» **WORK TASK**: In the records below, find the line with "#69=VERTEX_POINT('',#68);" and the line with "#77=LINE('',#76,#75);". Print both exactly, along with every line between them, and no other line.

(Records from a collection)

========

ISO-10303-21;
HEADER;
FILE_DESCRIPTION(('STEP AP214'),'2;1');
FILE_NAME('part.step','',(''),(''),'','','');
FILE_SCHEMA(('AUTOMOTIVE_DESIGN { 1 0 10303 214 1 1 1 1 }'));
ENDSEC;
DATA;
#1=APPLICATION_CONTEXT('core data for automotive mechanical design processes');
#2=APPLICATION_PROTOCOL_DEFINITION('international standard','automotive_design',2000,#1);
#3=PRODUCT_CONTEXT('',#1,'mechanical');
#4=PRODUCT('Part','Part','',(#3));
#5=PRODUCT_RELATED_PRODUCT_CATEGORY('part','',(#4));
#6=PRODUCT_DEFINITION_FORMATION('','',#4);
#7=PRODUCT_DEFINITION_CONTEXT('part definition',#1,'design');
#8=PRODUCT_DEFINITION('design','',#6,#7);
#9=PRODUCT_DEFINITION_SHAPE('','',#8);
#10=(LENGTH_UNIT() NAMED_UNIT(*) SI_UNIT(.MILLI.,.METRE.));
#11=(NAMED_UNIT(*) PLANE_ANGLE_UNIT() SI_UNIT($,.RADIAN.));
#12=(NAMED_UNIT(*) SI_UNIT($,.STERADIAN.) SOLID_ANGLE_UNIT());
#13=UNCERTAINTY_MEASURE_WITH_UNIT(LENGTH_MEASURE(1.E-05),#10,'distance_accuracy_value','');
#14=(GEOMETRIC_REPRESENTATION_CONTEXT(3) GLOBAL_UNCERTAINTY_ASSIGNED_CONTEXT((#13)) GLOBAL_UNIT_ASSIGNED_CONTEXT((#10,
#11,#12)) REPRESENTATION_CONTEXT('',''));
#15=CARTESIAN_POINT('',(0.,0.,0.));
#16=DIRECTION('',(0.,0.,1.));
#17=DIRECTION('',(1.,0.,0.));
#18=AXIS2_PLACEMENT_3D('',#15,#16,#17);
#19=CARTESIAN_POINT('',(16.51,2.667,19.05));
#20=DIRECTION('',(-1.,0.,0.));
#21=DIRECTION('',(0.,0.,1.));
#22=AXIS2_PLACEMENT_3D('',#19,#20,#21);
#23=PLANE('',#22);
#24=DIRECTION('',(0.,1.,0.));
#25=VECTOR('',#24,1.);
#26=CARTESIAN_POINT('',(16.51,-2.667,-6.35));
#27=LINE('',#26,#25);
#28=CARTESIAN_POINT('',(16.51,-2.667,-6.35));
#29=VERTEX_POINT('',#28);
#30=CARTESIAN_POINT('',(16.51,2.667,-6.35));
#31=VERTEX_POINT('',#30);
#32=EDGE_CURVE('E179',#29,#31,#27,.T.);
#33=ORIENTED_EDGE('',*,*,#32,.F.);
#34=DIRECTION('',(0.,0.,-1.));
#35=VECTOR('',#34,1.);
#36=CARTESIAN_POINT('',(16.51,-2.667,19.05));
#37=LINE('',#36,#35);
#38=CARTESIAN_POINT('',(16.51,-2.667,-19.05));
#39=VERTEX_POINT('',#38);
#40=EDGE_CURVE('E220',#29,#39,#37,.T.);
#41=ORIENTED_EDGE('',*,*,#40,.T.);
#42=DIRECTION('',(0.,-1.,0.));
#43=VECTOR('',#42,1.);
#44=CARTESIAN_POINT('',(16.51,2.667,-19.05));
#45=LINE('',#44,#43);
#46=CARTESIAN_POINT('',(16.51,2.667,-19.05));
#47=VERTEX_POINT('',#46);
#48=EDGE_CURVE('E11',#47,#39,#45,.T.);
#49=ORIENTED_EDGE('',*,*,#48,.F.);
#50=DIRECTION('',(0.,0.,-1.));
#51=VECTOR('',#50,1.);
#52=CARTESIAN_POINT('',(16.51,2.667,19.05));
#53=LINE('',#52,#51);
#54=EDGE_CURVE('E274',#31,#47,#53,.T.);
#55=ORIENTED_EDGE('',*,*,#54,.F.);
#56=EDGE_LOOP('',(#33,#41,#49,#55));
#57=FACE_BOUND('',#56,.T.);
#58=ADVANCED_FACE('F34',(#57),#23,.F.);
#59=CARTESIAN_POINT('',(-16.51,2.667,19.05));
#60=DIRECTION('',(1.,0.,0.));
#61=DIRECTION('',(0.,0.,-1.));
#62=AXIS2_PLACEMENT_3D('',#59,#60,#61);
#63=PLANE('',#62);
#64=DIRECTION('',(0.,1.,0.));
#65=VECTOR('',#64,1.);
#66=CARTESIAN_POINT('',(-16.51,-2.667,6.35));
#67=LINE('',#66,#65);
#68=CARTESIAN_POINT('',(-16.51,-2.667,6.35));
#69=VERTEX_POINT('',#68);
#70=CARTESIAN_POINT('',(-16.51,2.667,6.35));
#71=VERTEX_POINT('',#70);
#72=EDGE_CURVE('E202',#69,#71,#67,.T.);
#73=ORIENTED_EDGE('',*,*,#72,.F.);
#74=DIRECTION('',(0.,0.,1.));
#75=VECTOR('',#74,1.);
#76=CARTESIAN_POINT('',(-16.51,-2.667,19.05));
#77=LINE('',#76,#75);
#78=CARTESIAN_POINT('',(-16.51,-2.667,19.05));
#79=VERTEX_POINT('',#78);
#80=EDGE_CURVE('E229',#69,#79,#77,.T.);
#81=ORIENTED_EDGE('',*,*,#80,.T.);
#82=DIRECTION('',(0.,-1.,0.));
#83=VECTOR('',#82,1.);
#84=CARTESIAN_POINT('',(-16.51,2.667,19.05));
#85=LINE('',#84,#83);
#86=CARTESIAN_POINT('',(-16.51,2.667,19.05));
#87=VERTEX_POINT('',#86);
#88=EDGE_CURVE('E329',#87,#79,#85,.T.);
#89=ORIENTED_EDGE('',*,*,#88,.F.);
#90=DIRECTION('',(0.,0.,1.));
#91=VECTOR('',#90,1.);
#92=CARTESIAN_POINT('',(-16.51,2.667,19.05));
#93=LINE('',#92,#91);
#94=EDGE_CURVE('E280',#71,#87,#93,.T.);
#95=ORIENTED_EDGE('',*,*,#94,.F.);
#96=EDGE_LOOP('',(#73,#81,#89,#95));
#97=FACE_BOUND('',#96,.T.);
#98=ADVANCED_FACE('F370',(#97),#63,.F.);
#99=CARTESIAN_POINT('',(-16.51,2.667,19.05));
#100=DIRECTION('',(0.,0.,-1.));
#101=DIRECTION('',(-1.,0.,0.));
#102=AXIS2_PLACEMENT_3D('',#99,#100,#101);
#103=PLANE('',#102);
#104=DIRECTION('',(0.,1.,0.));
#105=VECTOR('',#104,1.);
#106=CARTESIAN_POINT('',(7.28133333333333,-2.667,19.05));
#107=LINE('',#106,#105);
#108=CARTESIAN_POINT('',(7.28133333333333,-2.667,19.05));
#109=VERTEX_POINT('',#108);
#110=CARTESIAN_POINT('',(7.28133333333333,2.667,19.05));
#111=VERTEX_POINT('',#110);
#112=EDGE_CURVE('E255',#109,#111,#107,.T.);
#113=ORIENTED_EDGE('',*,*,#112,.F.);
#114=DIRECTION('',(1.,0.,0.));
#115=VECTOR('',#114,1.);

========

» **SOLUTION TO THIS EXERCISE**:
#69=VERTEX_POINT('',#68);
#70=CARTESIAN_POINT('',(-16.51,2.667,6.35));
#71=VERTEX_POINT('',#70);
#72=EDGE_CURVE('E202',#69,#71,#67,.T.);
#73=ORIENTED_EDGE('',*,*,#72,.F.);
#74=DIRECTION('',(0.,0.,1.));
#75=VECTOR('',#74,1.);
#76=CARTESIAN_POINT('',(-16.51,-2.667,19.05));
#77=LINE('',#76,#75);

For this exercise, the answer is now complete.